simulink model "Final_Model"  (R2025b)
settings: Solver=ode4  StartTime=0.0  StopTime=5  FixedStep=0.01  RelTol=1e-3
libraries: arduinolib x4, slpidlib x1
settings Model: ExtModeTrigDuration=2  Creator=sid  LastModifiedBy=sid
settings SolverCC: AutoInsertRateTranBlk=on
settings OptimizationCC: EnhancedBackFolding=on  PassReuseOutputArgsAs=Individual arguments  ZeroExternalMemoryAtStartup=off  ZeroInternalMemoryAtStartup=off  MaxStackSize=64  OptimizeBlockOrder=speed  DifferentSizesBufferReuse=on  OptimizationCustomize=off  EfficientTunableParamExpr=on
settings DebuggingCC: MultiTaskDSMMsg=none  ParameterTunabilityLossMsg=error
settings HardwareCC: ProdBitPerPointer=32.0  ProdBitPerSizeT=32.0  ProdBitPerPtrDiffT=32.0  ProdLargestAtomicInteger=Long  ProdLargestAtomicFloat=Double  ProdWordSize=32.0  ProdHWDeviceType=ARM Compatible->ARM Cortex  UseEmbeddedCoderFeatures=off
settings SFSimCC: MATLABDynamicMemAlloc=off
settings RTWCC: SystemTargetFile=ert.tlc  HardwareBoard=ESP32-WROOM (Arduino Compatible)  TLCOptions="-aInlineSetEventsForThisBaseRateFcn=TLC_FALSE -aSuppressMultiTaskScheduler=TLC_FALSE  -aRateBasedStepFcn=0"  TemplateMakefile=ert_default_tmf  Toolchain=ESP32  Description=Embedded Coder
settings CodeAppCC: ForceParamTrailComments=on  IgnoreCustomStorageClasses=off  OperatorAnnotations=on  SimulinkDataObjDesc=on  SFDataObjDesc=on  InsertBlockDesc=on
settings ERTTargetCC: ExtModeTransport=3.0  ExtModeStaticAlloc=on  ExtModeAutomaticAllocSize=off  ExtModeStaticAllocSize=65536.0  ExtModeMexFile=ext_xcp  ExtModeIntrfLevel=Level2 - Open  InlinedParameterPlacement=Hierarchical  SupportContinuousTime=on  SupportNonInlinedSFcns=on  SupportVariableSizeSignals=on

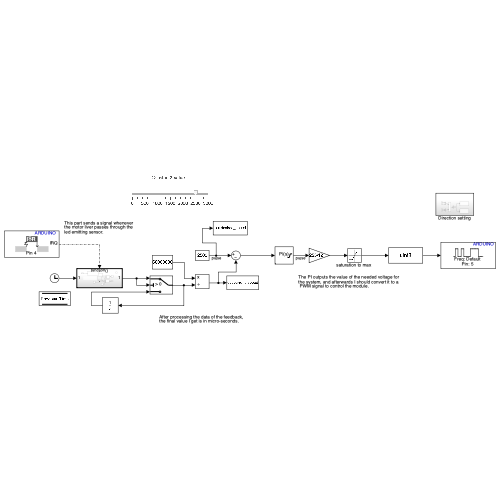
[thumbnail: Simulink's stored preview of the top-level diagram]
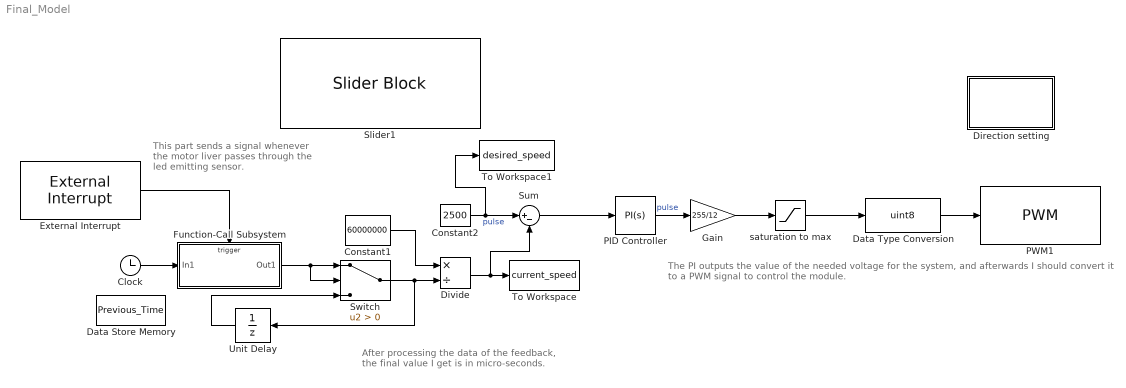
== system Final_Model ==
  note: After processing the data of the feedback,
      | the final value I get is in micro-seconds.
  note: The PI outputs the value of the needed voltage for
      | the system, and afterwards I should convert it to a
      |  PWM signal to control the module.
  note: This part sends a signal whenever
      | the motor liver passes through the
      | led emitting sensor.
  Clock : Clock
  Constant1 : Constant  Value=60000000
  Constant2 : Constant  Value=2500  OutMin=0  OutMax=3000
  Data Store Memory : DataStoreMemory  DataStoreName=Previous_Time  WriteAfterWriteMsg=warning  ShowAdditionalParam=off  OutDataTypeStr=uint32
  Data Type Conversion : DataTypeConversion  OutDataTypeStr=uint8  SaturateOnIntegerOverflow=off  RndMeth=Floor
  Direction setting : Subsystem
  Divide : Product  Inputs=*/
  External Interrupt : arduinolib/External Interrupt  Pin=4  PullUp=off  Mode=RISING  InterruptSimulationInput=off
  Function-Call Subsystem : Subsystem  TreatAsAtomicUnit=on
  Gain : Gain  Gain=255/12
  PID Controller : slpidlib/PID Controller  Controller=PI  Form=Parallel  TimeDomain=Continuous-time  UseExternalTs=off  SampleTime=-1  IntegratorMethod=Forward Euler  FilterMethod=Forward Euler  ControllerParametersSource=internal  P=0.00127586  I=0.01772978  UseKiTs=off  D=0  UseExternalDerivativeSource=off  N=100  UseFilter=on  TunerSelectOption=Transfer Function Based (PID Tuner App)  InitialConditionSource=internal  InitialConditionForIntegrator=0  InitialConditionForFilter=0  DifferentiatorICPrevScaledInput=0  ExternalReset=none  TrackingMode=off  Kt=1  LimitOutput=on  SatLimitsSource=internal  UpperSaturationLimit=12  LowerSaturationLimit=0  LinearizeAsGain=on  AntiWindupMode=none  Kb=1  LimitIntegrator=off  UpperIntegratorSaturationLimit=inf  LowerIntegratorSaturationLimit=-inf  POutMin=[]  POutMax=[]  IOutMin=[]  IOutMax=[]  DOutMin=[]  DOutMax=[]  NOutMin=[]  NOutMax=[]  SumOutMin=[]  SumOutMax=[]  SaturationOutMin=[]  SaturationOutMax=[]  PParamMin=[]  PParamMax=[]  IParamMin=[]  IParamMax=[]  DParamMin=[]  DParamMax=[]  NParamMin=[]  NParamMax=[]  KbParamMin=[]  KbParamMax=[]  KtParamMin=[]  KtParamMax=[]  KbOutMin=[]  KbOutMax=[]  KtOutMin=[]  KtOutMax=[]  IntegratorOutMin=[]  IntegratorOutMax=[]  FilterOutMin=[]  FilterOutMax=[]  SumI1OutMin=[]  SumI1OutMax=[]  SumI2OutMin=[]  SumI2OutMax=[]  SumI3OutMin=[]  SumI3OutMax=[]  SumI4OutMin=[]  SumI4OutMax=[]  SumDOutMin=[]  SumDOutMax=[]  DifferentiatorOutMin=[]  DifferentiatorOutMax=[]  FilterDiffOutCoefMin=[]  FilterDiffOutCoefMax=[]  ReciprocalOutMin=[]  ReciprocalOutMax=[]  SumDenOutMin=[]  SumDenOutMax=[]  SumNumOutMin=[]  SumNumOutMax=[]  DivideOutMin=[]  DivideOutMax=[]  UdiffTsProdOutMin=[]  UdiffTsProdOutMax=[]  NTsProdOutMin=[]  NTsProdOutMax=[]  UintegralTsProdOutMin=[]  UintegralTsProdOutMax=[]  UngainTsProdOutMin=[]  UngainTsProdOutMax=[]  ClampingZeroOutDataTypeStr=Inherit: Inherit via back propagation  ClampingZeroOutMin=[]  ClampingZeroOutMax=[]  FilterDenConstantOutDataTypeStr=Inherit: Inherit via back propagation  FilterDenConstantOutMin=[]  FilterDenConstantOutMax=[]  PCopyOutDataTypeStr=Inherit: Inherit via back propagation  PCopyOutMin=[]  PCopyOutMax=[]  NCopyOutDataTypeStr=Inherit: Inherit via back propagation  NCopyOutMin=[]  NCopyOutMax=[]  IntegratorContinuousStateAttributes=''  IntegratorStateMustResolveToSignalObject=off  IntegratorRTWStateStorageClass=Auto  FilterContinuousStateAttributes=''  FilterStateMustResolveToSignalObject=off  FilterRTWStateStorageClass=Auto  ParallelPVariant=InternalParameters  IdealPVariant=Disabled  IVariant=InternalParameters  DVariant=Disabled  IntegratorVariant=Continuous  SatVariant=Enabled  AWVariant=Passthrough  PCopyVariant=Disabled  TRVariant=Disabled  FdbkBlocksVariant=Forward  IdealPFdbkVariant=Disabled  SatFdbkVariant=Disabled  DerivativeFilterVariant=Disabled  NVariant=Disabled  NCopyVariant=Disabled_SignalSpec  FilterICVariant=Disabled  IntegratorICVariant=InternalICs  ExternalResetVariant=Disabled  TRSumVariant=Passthrough  SumFdbkVariant=Disabled  SumVariant=Sum_PI  TsampFilterVariant=InternalTs  TsampNgainVariant=Passthrough  TsampIntegralVariant=Disabled_SignalSpec  ExternalSaturationOutDataTypeStr=Inherit: Same as second input  DerivativeSourceVariant=Disabled  PreIntVariant=InternalPreInt
  PWM1 : arduinolib/PWM  pinNumber=5  frequencyType=Default  desiredFrequency=490.2  achievableFrequency=490.2
  Slider1 : SliderBlock  ScaleMax=3000
  Sum : Sum  Inputs=|+-
  Switch : Switch  Criteria=u2 > Threshold  SaturateOnIntegerOverflow=off  InputSameDT=off
  To Workspace : ToWorkspace  VariableName=current_speed  SaveFormat=Timeseries  SampleTime=-1
  To Workspace1 : ToWorkspace  VariableName=desired_speed  SaveFormat=Timeseries  SampleTime=-1
  Unit Delay : UnitDelay  InitialCondition=60000000  SampleTime=-1  HasFrameUpgradeWarning=on
  "saturation to max " : Saturate  UpperLimit=255  LowerLimit=0
  wires:
  Data Type Conversion/1 -> PWM1/1
  "saturation to max "/1 -> Data Type Conversion/1
  Gain/1 -> "saturation to max "/1
  Divide/1 -> To Workspace/1, Sum/2
  Constant2/1 -> To Workspace1/1, Sum/1  "pulse"
  Switch/1 -> Divide/2, Unit Delay/1
  Unit Delay/1 -> Switch/3
  PID Controller/1 -> Gain/1  "pulse"
  Function-Call Subsystem/1(Out1) -> Switch/2, Switch/1
  Sum/1 -> PID Controller/1
  Clock/1 -> Function-Call Subsystem/1(In1)
  Constant1/1 -> Divide/1
  External Interrupt/1 -> Function-Call Subsystem/Trigger

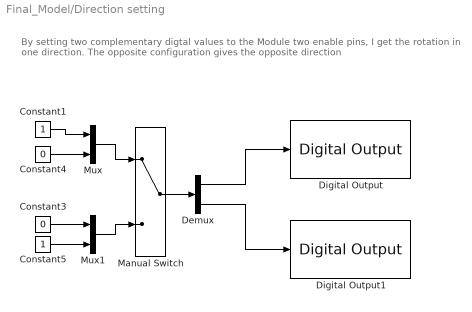
== system Final_Model/Direction setting ==
  note: By setting two complementary digtal values to the Module two enable pins, I get the rotation in one direction. The opposite configuration gives the opposite direction
  Constant1 : Constant  OutMin=0  OutMax=1  OutDataTypeStr=uint8
  Constant3 : Constant  Value=0  OutMin=0  OutMax=1  OutDataTypeStr=uint8
  Constant4 : Constant  Value=0  OutMin=0  OutMax=1  OutDataTypeStr=uint8
  Constant5 : Constant  OutMin=0  OutMax=1  OutDataTypeStr=uint8
  Demux : Demux  Outputs=2
  Digital Output : arduinolib/Digital Output  pinNumber=19  Direction=output  blockPlatform=arduino
  Digital Output1 : arduinolib/Digital Output  pinNumber=21  Direction=output  blockPlatform=arduino
  Manual Switch : ManualSwitch
  Mux : Mux  Inputs=2
  Mux1 : Mux  Inputs=2
  wires:
  Constant4/1 -> Mux/2
  Mux1/1 -> Manual Switch/2
  Demux/1 -> Digital Output/1
  Demux/2 -> Digital Output1/1
  Constant1/1 -> Mux/1
  Mux/1 -> Manual Switch/1
  Constant5/1 -> Mux1/2
  Constant3/1 -> Mux1/1
  Manual Switch/1 -> Demux/1

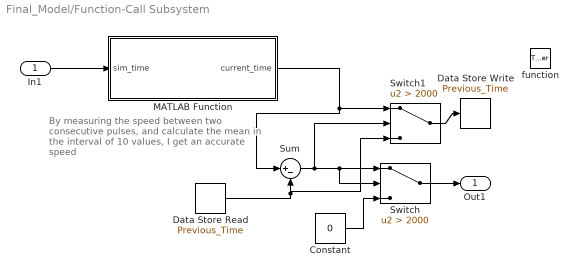
== system Final_Model/Function-Call Subsystem ==
  note: By measuring the speed between
      | two consecutive pulses,
      | and calculate the mean in the
      | interval of 10 values, I get an accurate speed
  In1 : Inport
  function : TriggerPort  TriggerType=function-call  VariantControl=(inherit)
  Constant : Constant  Value=0
  Data Store Read : DataStoreRead  Priority=1  DataStoreName=Previous_Time  IndexOptions=Index vector (dialog)  Indices=1  OutputSizes=1
  Data Store Write : DataStoreWrite  Priority=10  DataStoreName=Previous_Time  IndexOptions=Index vector (dialog)  Indices=1  OutputSizes=1
  MATLAB Function : MATLAB Function  TreatAsAtomicUnit=on
  Sum : Sum  Inputs=|+-
  Switch : Switch  Criteria=u2 > Threshold  Threshold=2000  SaturateOnIntegerOverflow=off  InputSameDT=off
  Switch1 : Switch  Criteria=u2 > Threshold  Threshold=2000  SaturateOnIntegerOverflow=off  InputSameDT=off
  Out1 : Outport
  wires:
  Data Store Read/1 -> Switch1/3, Sum/2
  MATLAB Function/1(current_time) -> Switch1/1, Sum/1
  In1/1 -> MATLAB Function/1(sim_time)
  Sum/1 -> Switch1/2, Switch/2, Switch/1
  Switch/1 -> Out1/1
  Constant/1 -> Switch/3
  Switch1/1 -> Data Store Write/1

== matlab function Final_Model/Function-Call Subsystem/MATLAB Function ==
  data: current_time output; sim_time input
function current_time = get_micros(sim_time)
    current_time = uint32(0); 
    
    if coder.target('rtw')
        % --- HARDWARE MODE (ESP32) ---
        % Call the C function 'micros()' directly
        current_time = coder.ceval('micros'); 
        
    else
        % --- SIMULATION MODE (Computer) ---
        % Convert the Simulation Time (seconds) to Microseconds
        % 1 second = 1,000,000 microseconds
        current_time = uint32(sim_time * 1000000);
    end
end
_ _ _ _ _ _ _
### Goal of the exercise
From the line holding "settings OptimizationCC: EnhancedBackFolding=on" to the line holding "settings CodeAppCC: ForceParamTrailComments=on", inclusive, restate each line above exactly as written.

### Problem solution
settings OptimizationCC: EnhancedBackFolding=on  PassReuseOutputArgsAs=Individual arguments  ZeroExternalMemoryAtStartup=off  ZeroInternalMemoryAtStartup=off  MaxStackSize=64  OptimizeBlockOrder=speed  DifferentSizesBufferReuse=on  OptimizationCustomize=off  EfficientTunableParamExpr=on
settings DebuggingCC: MultiTaskDSMMsg=none  ParameterTunabilityLossMsg=error
settings HardwareCC: ProdBitPerPointer=32.0  ProdBitPerSizeT=32.0  ProdBitPerPtrDiffT=32.0  ProdLargestAtomicInteger=Long  ProdLargestAtomicFloat=Double  ProdWordSize=32.0  ProdHWDeviceType=ARM Compatible->ARM Cortex  UseEmbeddedCoderFeatures=off
settings SFSimCC: MATLABDynamicMemAlloc=off
settings RTWCC: SystemTargetFile=ert.tlc  HardwareBoard=ESP32-WROOM (Arduino Compatible)  TLCOptions="-aInlineSetEventsForThisBaseRateFcn=TLC_FALSE -aSuppressMultiTaskScheduler=TLC_FALSE  -aRateBasedStepFcn=0"  TemplateMakefile=ert_default_tmf  Toolchain=ESP32  Description=Embedded Coder
settings CodeAppCC: ForceParamTrailComments=on  IgnoreCustomStorageClasses=off  OperatorAnnotations=on  SimulinkDataObjDesc=on  SFDataObjDesc=on  InsertBlockDesc=on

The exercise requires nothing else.